Silk is undisputedly the most beautiful of all natural fibers, with its unearthly sheen. It is also uncommonly strong, even at its finest, when it is almost invisible. It is unlike any other fiber used to make fabrics, for it is neither grown in a field or on an animal. It is not manufactured in a factory. A humble caterpillar about the size of a woman’s smallest finger produces the silk fiber, spinning it out of its mouth, using tiny fore-legs to place the silk where it should go. It is known scientifically as Bombyx mori, although other species of silkworm produce less famous types of silk
The process of making silk has not changed very much in the thousands of years since the silkworm’s thread was first used, in ancient China. Wooden trays may be exchanged for the more sanitary plastic ones. Powdered silkworm chow is available for those without access to fresh mulberry leaves, making it possible for more people to grow silkworms, and at times of year when the mulberry leaves are not around. Over the centuries, the silkworm moth has lost its ability to fly, but that has little bearing on its care or cultivation. It is still a hands-on process involving live creatures, and takes a lot of time. But the result is certainly worth all the work and will certainly give one a truer understanding of why silk has been so desirable and so expensive throughout history. The silkworm isn’t really a worm, it’s a caterpillar! The silkworm has been used by people for over 4,000 years to make silk. The practice first began in China in about 2600 BC. The Chinese kept the secret of producing silk for thousands of years, trading silk to Europe and the Middle East. But eventually the secret of how to get silk from the silkworm was learned by other countries. More recently we have learned how to make silk-like material from synthetic materials, but the demand for real silk is still high, and silkworms are still raised for the silk threads they produce.
The practice of raising silkworms is called sericulture.
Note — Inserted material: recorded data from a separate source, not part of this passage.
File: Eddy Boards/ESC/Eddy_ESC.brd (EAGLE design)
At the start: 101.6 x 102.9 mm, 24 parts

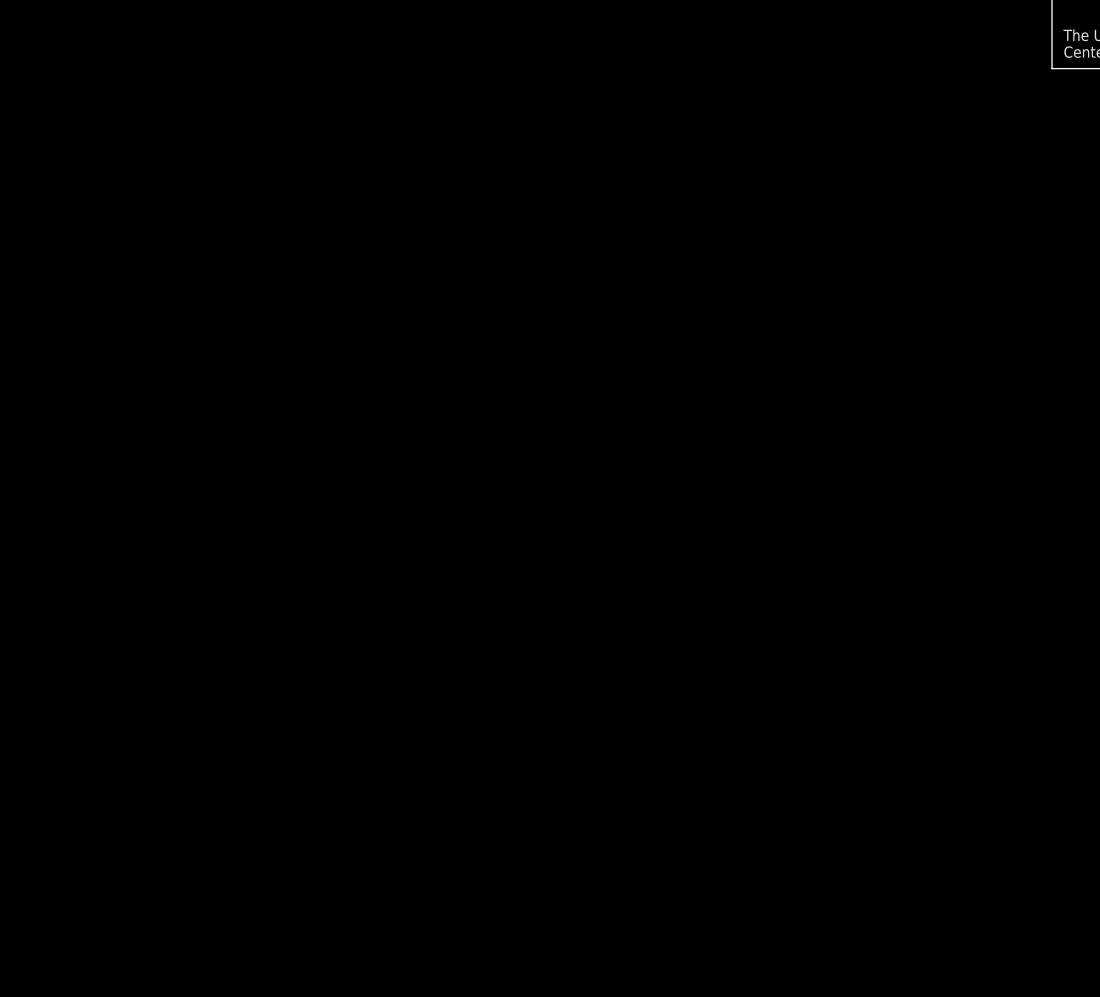
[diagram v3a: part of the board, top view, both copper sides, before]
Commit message: started sheet 2 of schematic, need explanation of esc's the alternating setup is confusing me. Need labels on sheet 1
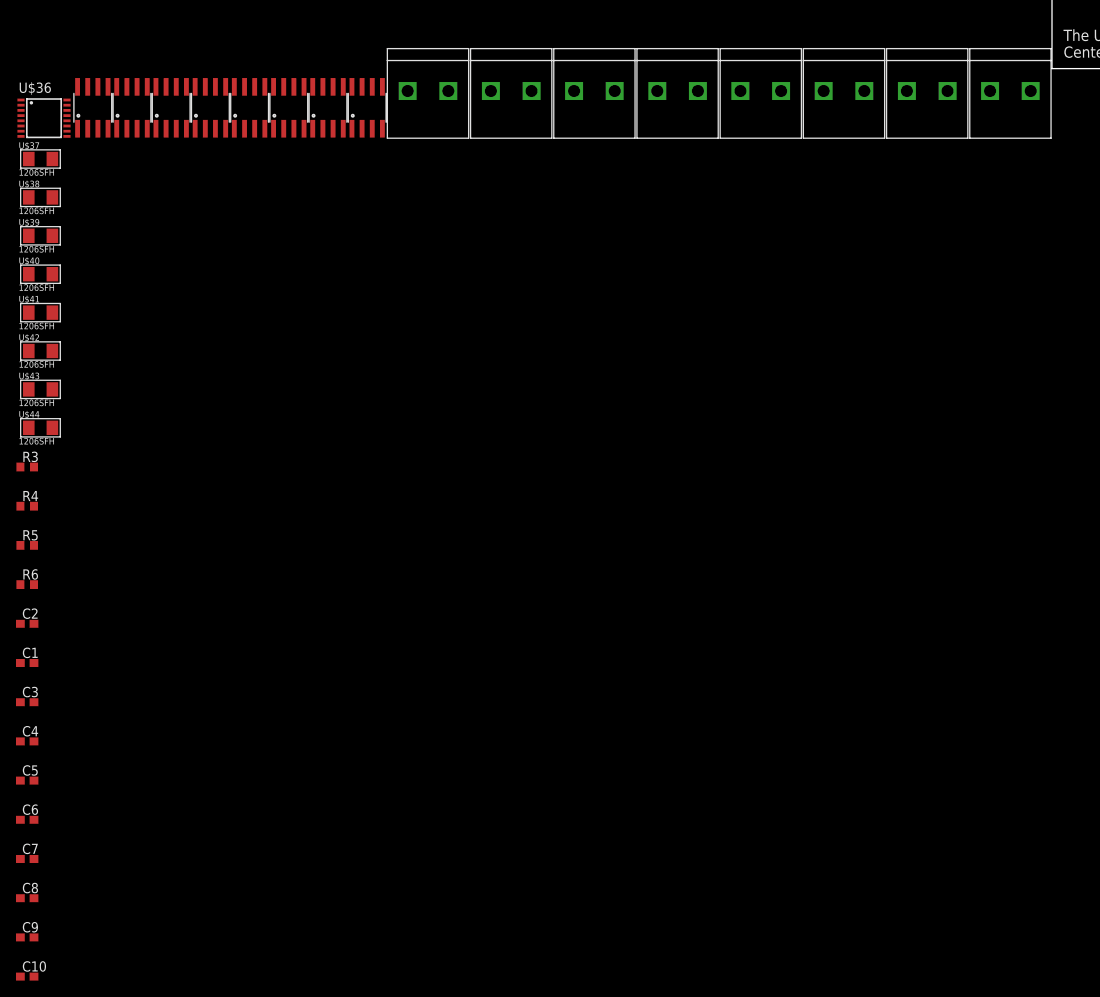
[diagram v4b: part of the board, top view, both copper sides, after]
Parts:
- added C1, C2, C3, C4, C5, C6, C7, C8, C9: 0.1uF, rcl:C0603
- added C10: 1uF, rcl:C0603
- added R3, R4, R5, R6: 900, resistor:R0603
- added U$20, U$21, U$22, U$23, U$24, U$25, U$26, U$27: 1711725, Screw_Terminals:1711725
- added U$28, U$29, U$30, U$31, U$32, U$33, U$34, U$35: ACS722, ACS722:SOIC-8
- added U$36: ADC128D818, ADC128D818:TSSOP-16
- added U$37, U$38, U$39, U$40, U$41, U$42, U$43, U$44: 1206SFH, 1206SFH:1206SFH
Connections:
- new net N$37: U$34.VIOUT, U$36.IN4
- new net N$38: U$29.VIOUT, U$36.IN3
- new net N$40: U$33.IP-1, U$33.IP-2, U$38.P$2
- new net N$41: U$34.IP-1, U$34.IP-2, U$39.P$2
- new net N$42: U$31.VIOUT, U$36.IN7
- new net N$43: U$35.VIOUT, U$36.IN6
- new net N$45: U$30.VIOUT, U$36.IN5
- new net N$46: U$32.IP-1, U$32.IP-2, U$37.P$2
- new net N$47: U$35.IP-1, U$35.IP-2, U$40.P$2
- new net N$48: U$33.VIOUT, U$36.IN2
- new net N$49: U$28.VIOUT, U$36.IN1
- new net N$50: U$32.VIOUT, U$36.IN0
- new net N$51: U$24.RED, U$37.P$1
- new net N$52: U$25.RED, U$38.P$1
- new net N$53: U$26.RED, U$39.P$1
- new net N$54: U$27.RED, U$40.P$1
- new net N$55: U$20.RED, U$41.P$1
- new net N$56: U$21.RED, U$42.P$1
- new net N$57: U$22.RED, U$43.P$1
- new net N$58: U$23.RED, U$44.P$1
- net +3V3: now also C1.2, C10.1, C2.2, C3.2, C4.2, C5.2, C6.2, C7.2, C8.2, C9.1, U$36.V+, U$36.VREF
- net GND: now also C1.1, C10.2, C2.1, C3.1, C4.1, C5.1, C6.1, C7.1, C8.1, C9.2

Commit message: temporary
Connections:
- new net N$59: R5.1, R6.2, U$36.A0
- new net N$60: R3.2, R4.2, U$36.A1
- new net N$61: U$36.SDA
- new net N$62: U$36.SCL
- net +3V3: now also R4.1, R6.1
- net GND: now also R3.1, R5.2, U$36.GND
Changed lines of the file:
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@@
 <contactref element="C9" pad="2"/>
 <contactref element="C10" pad="2"/>
+<contactref element="U$36" pad="GND"/>
+<contactref element="R5" pad="2"/>
+<contactref element="R3" pad="1"/>
 <wire x1="-127.25" y1="-100.8" x2="-127.25" y2="-105.7" width="0" layer="19" extent="1-1"/>
 <wire x1="-128.95" y1="-95.9" x2="-127.25" y2="-100.8" width="0" layer="19" extent="1-1"/>
@@
 <wire x1="-128.95" y1="-66.5" x2="-128.95" y2="-71.4" width="0" layer="19" extent="1-1"/>
 <wire x1="-128.95" y1="-61.6" x2="-128.95" y2="-66.5" width="0" layer="19" extent="1-1"/>
-<wire x1="24.1455" y1="3.375" x2="-128.95" y2="-61.6" width="0" layer="19" extent="1-16"/>
+<wire x1="-127.25" y1="-51.8" x2="-128.95" y2="-61.6" width="0" layer="19" extent="1-1"/>
+<wire x1="-128.95" y1="-42" x2="-127.25" y2="-51.8" width="0" layer="19" extent="1-1"/>
+<wire x1="-128.875" y1="1.925" x2="-128.95" y2="-42" width="0" layer="19" extent="1-1"/>
+<wire x1="18.3" y1="16.95" x2="-128.875" y2="1.925" width="0" layer="19" extent="1-1"/>
+<wire x1="26.67" y1="7.62" x2="18.3" y2="16.95" width="0" layer="19" extent="1-1"/>
+<wire x1="26.6855" y1="3.375" x2="26.67" y2="7.62" width="0" layer="19" extent="16-16"/>
 <wire x1="36.957" y1="7.62" x2="36.8455" y2="3.375" width="0" layer="19" extent="16-16"/>
-<wire x1="26.67" y1="7.62" x2="26.6855" y2="3.375" width="0" layer="19" extent="16-16"/>
-<wire x1="18.3" y1="16.95" x2="26.67" y2="7.62" width="0" layer="19" extent="1-1"/>
 <wire x1="42.916509375" y1="93.161740625" x2="18.3" y2="16.95" width="0" layer="19" extent="1-1"/>
 <wire x1="47.116409375" y1="93.132421875" x2="42.916509375" y2="93.161740625" width="0" layer="19" extent="1-1"/>
@@
 <contactref element="U$36" pad="VREF"/>
 <contactref element="U$36" pad="V+"/>
+<contactref element="R4" pad="1"/>
+<contactref element="R6" pad="1"/>
 <wire x1="-128.95" y1="-100.8" x2="-128.95" y2="-105.7" width="0" layer="19" extent="1-1"/>
 <wire x1="-127.25" y1="-95.9" x2="-128.95" y2="-100.8" width="0" layer="19" extent="1-1"/>
@@
 <wire x1="-127.25" y1="-66.5" x2="-127.25" y2="-71.4" width="0" layer="19" extent="1-1"/>
 <wire x1="-127.25" y1="-61.6" x2="-127.25" y2="-66.5" width="0" layer="19" extent="1-1"/>
-<wire x1="-128.875" y1="1.275" x2="-127.25" y2="-61.6" width="0" layer="19" extent="1-1"/>
+<wire x1="-128.95" y1="-56.7" x2="-127.25" y2="-61.6" width="0" layer="19" extent="1-1"/>
+<wire x1="-128.95" y1="-46.9" x2="-128.95" y2="-56.7" width="0" layer="19" extent="1-1"/>
+<wire x1="-128.875" y1="1.275" x2="-128.95" y2="-46.9" width="0" layer="19" extent="1-1"/>
 <wire x1="-128.875" y1="3.875" x2="-128.875" y2="1.275" width="0" layer="19" extent="1-1"/>
 <wire x1="16.5255" y1="3.375" x2="-128.875" y2="3.875" width="0" layer="19" extent="1-1"/>
@@
 <wire x1="-33.86" y1="5" x2="-127.9" y2="-37.1" width="0" layer="19" extent="1-1"/>
 </signal>
+<signal name="N$59">
+<contactref element="U$36" pad="A0"/>
+<contactref element="R5" pad="1"/>
+<contactref element="R6" pad="2"/>
+<wire x1="-128.95" y1="-51.8" x2="-127.25" y2="-56.7" width="0" layer="19" extent="1-1"/>
+<wire x1="-128.875" y1="-0.025" x2="-128.95" y2="-51.8" width="0" layer="19" extent="1-1"/>
+</signal>
+<signal name="N$60">
+<contactref element="U$36" pad="A1"/>
+<contactref element="R4" pad="2"/>
+<contactref element="R3" pad="2"/>
+<wire x1="-127.25" y1="-42" x2="-127.25" y2="-46.9" width="0" layer="19" extent="1-1"/>
+<wire x1="-128.875" y1="-0.675" x2="-127.25" y2="-42" width="0" layer="19" extent="1-1"/>
+</signal>
+<signal name="N$61">
+<contactref element="U$36" pad="SDA"/>
+</signal>
+<signal name="N$62">
+<contactref element="U$36" pad="SCL"/>
+</signal>
 </signals>

The silkworm, when fully grown, reaches a length of about 5 to 7 centimetres, and it’s an amazing worker. In only a few days, a single silkworm spins a cocoon from which can be removed a silk thread up to 600 meters in length. But it still takes about 25,000 cocoons to make half a kilogram of raw silk. Most of the silk today is produced by China and India, and a few other countries. 60,000 tonnes of raw silk are made each year, and are turned into dresses, shirts, bed sheets, curtains, and other products. It’s a big industry, especially in China, where ten million Chinese farmers grow silkworms, and another half million make silk fabrics. There are 600 silk weaving mills in China. Silkworms, offspring of moths, produce their highly-desirable, pricey silk, by spewing out thread from tiny holes in their jaws, which they use to spin into their egg-bearing cocoons. This entire production takes a mere 72 hours, during which time they produce between 500-1200 silken threads. These miniature, mulberry leaf-munching marvels lay, at minimum, 500 eggs each spring, thereby increasing the number of workers for the production line. A silkworm moth is yellowish-white, with a thick, hairy body, and a wingspread of about 4 cm. The adults live only a short time… long enough for the female to lay her eggs. The larvae, which hatch in about ten days, are about half a centimetre long. Larvae in captivity are fed their favourite food, the leaves of the white mulberry plant, so they will produce the finest quality silk. Full-grown larvae are up to 7 cm long, and yellowish-gravy in color.
After about six weeks of continuous eating, the larvae climb to the top of a branch and spin their cocoon. It takes about six days, and to do it they produce one continuous long silk thread. They will emerge from their cocoon after several weeks of pupating, as adult moths. But on silkworm farms, only enough adult moths are allowed to emerge to...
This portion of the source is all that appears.